## [TASK GOAL]
Below are records; please write out exactly the lines from the first line through the line containing "#23=PLANE('',#22);", with no pictures.

Dataset records
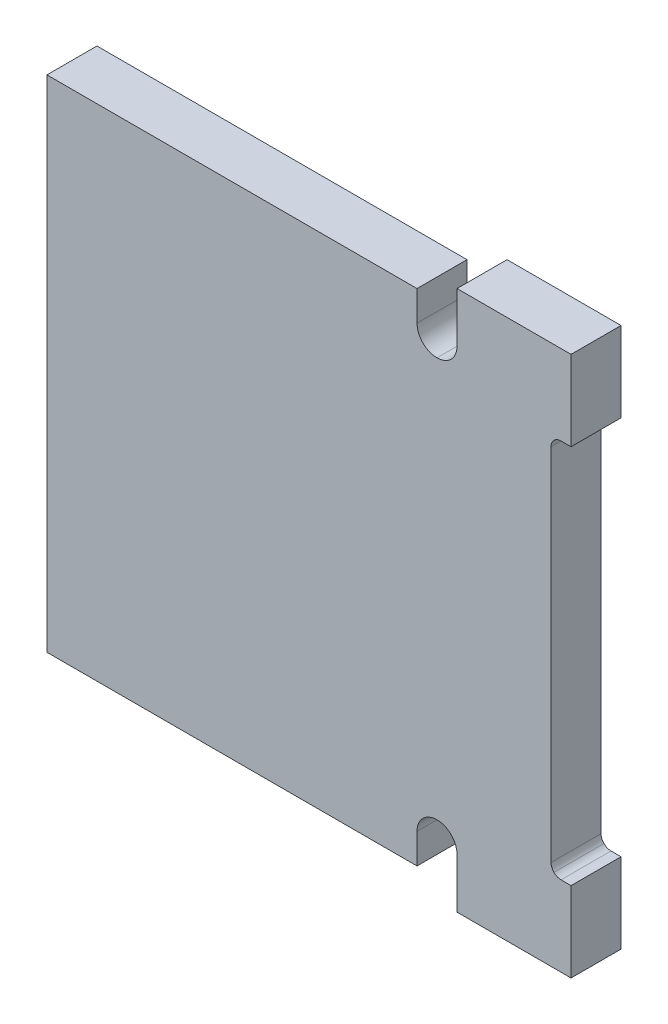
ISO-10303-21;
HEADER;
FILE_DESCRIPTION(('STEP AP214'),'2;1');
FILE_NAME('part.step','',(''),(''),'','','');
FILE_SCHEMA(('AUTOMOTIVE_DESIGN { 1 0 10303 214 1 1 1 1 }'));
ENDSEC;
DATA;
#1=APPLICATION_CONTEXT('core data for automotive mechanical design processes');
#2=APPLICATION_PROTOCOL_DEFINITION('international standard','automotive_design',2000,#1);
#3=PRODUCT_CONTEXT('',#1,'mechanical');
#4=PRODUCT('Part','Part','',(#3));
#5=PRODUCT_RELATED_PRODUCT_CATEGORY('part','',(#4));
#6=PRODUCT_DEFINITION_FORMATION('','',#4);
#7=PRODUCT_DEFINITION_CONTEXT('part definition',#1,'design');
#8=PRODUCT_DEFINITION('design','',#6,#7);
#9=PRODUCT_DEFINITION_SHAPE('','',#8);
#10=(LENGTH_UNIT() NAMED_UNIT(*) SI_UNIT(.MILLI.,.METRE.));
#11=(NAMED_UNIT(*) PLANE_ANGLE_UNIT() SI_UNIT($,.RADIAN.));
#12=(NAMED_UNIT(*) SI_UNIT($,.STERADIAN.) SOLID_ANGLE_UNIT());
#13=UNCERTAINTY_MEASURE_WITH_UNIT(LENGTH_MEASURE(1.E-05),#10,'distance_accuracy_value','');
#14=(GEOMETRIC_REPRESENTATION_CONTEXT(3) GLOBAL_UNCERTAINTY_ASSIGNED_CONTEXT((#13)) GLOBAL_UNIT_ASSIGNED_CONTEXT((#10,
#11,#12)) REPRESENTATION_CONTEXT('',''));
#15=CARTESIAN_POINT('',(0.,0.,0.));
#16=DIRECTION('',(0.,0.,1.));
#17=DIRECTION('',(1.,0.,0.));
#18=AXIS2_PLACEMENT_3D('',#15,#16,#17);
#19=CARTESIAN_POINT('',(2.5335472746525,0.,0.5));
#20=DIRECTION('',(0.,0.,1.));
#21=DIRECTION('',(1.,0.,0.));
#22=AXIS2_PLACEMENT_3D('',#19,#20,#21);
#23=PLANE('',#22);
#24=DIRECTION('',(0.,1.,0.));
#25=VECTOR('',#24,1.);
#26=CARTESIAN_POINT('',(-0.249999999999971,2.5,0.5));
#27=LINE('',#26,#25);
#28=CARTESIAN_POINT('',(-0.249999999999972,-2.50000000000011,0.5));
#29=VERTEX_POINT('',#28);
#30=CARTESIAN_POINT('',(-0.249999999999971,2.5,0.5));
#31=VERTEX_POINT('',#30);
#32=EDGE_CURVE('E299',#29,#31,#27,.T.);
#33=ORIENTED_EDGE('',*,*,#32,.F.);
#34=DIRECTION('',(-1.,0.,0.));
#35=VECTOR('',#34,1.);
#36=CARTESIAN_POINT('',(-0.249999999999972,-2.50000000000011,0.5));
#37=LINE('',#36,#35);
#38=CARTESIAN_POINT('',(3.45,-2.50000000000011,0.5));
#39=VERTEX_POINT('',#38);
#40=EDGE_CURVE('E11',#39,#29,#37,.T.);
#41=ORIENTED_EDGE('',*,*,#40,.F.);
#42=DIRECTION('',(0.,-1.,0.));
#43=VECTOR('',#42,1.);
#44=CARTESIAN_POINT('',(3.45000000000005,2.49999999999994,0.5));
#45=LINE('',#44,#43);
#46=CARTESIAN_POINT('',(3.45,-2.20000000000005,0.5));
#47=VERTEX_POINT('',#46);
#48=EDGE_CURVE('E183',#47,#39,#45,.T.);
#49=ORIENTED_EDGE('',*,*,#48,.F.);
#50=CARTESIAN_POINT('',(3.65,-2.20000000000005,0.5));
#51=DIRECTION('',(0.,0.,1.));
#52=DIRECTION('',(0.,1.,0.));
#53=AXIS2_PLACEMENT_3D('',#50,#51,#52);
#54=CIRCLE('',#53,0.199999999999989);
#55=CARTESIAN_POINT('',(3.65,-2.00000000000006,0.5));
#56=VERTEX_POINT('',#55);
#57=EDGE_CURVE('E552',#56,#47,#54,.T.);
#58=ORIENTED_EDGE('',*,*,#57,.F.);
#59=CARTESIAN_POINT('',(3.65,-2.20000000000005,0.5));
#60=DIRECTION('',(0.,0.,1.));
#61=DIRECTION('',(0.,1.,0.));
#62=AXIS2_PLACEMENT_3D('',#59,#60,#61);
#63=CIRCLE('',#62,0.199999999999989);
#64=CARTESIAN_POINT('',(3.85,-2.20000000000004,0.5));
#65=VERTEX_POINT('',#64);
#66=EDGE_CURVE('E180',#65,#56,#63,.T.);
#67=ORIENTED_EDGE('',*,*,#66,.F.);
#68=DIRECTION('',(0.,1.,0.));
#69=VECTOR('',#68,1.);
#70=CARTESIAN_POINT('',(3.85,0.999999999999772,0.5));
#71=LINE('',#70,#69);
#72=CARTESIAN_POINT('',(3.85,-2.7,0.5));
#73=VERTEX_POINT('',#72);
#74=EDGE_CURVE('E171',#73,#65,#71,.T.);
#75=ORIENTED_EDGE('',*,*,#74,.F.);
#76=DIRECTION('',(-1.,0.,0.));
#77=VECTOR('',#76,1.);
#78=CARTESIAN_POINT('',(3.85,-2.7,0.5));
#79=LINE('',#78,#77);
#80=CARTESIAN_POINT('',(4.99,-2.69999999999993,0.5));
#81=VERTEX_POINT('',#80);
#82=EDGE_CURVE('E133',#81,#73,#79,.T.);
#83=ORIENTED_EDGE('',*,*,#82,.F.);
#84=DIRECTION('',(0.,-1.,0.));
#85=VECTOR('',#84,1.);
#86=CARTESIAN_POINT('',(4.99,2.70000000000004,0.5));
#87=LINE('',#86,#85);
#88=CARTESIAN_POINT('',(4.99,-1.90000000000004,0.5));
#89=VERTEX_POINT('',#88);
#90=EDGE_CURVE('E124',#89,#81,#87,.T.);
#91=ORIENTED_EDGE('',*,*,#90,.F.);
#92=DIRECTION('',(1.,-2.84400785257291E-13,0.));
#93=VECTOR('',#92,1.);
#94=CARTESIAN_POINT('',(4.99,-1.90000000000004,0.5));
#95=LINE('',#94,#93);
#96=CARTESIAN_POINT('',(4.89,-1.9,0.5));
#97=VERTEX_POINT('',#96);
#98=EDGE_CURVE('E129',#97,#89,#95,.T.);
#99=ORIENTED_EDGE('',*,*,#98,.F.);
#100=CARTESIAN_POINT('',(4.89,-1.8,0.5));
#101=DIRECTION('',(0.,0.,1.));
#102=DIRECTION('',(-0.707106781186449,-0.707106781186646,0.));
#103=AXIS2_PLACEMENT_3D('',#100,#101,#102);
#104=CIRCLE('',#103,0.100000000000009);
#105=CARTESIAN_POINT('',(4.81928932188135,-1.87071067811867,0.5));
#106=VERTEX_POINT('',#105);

## [RESPONSE TO THE TASK]
ISO-10303-21;
HEADER;
FILE_DESCRIPTION(('STEP AP214'),'2;1');
FILE_NAME('part.step','',(''),(''),'','','');
FILE_SCHEMA(('AUTOMOTIVE_DESIGN { 1 0 10303 214 1 1 1 1 }'));
ENDSEC;
DATA;
#1=APPLICATION_CONTEXT('core data for automotive mechanical design processes');
#2=APPLICATION_PROTOCOL_DEFINITION('international standard','automotive_design',2000,#1);
#3=PRODUCT_CONTEXT('',#1,'mechanical');
#4=PRODUCT('Part','Part','',(#3));
#5=PRODUCT_RELATED_PRODUCT_CATEGORY('part','',(#4));
#6=PRODUCT_DEFINITION_FORMATION('','',#4);
#7=PRODUCT_DEFINITION_CONTEXT('part definition',#1,'design');
#8=PRODUCT_DEFINITION('design','',#6,#7);
#9=PRODUCT_DEFINITION_SHAPE('','',#8);
#10=(LENGTH_UNIT() NAMED_UNIT(*) SI_UNIT(.MILLI.,.METRE.));
#11=(NAMED_UNIT(*) PLANE_ANGLE_UNIT() SI_UNIT($,.RADIAN.));
#12=(NAMED_UNIT(*) SI_UNIT($,.STERADIAN.) SOLID_ANGLE_UNIT());
#13=UNCERTAINTY_MEASURE_WITH_UNIT(LENGTH_MEASURE(1.E-05),#10,'distance_accuracy_value','');
#14=(GEOMETRIC_REPRESENTATION_CONTEXT(3) GLOBAL_UNCERTAINTY_ASSIGNED_CONTEXT((#13)) GLOBAL_UNIT_ASSIGNED_CONTEXT((#10,
#11,#12)) REPRESENTATION_CONTEXT('',''));
#15=CARTESIAN_POINT('',(0.,0.,0.));
#16=DIRECTION('',(0.,0.,1.));
#17=DIRECTION('',(1.,0.,0.));
#18=AXIS2_PLACEMENT_3D('',#15,#16,#17);
#19=CARTESIAN_POINT('',(2.5335472746525,0.,0.5));
#20=DIRECTION('',(0.,0.,1.));
#21=DIRECTION('',(1.,0.,0.));
#22=AXIS2_PLACEMENT_3D('',#19,#20,#21);
#23=PLANE('',#22);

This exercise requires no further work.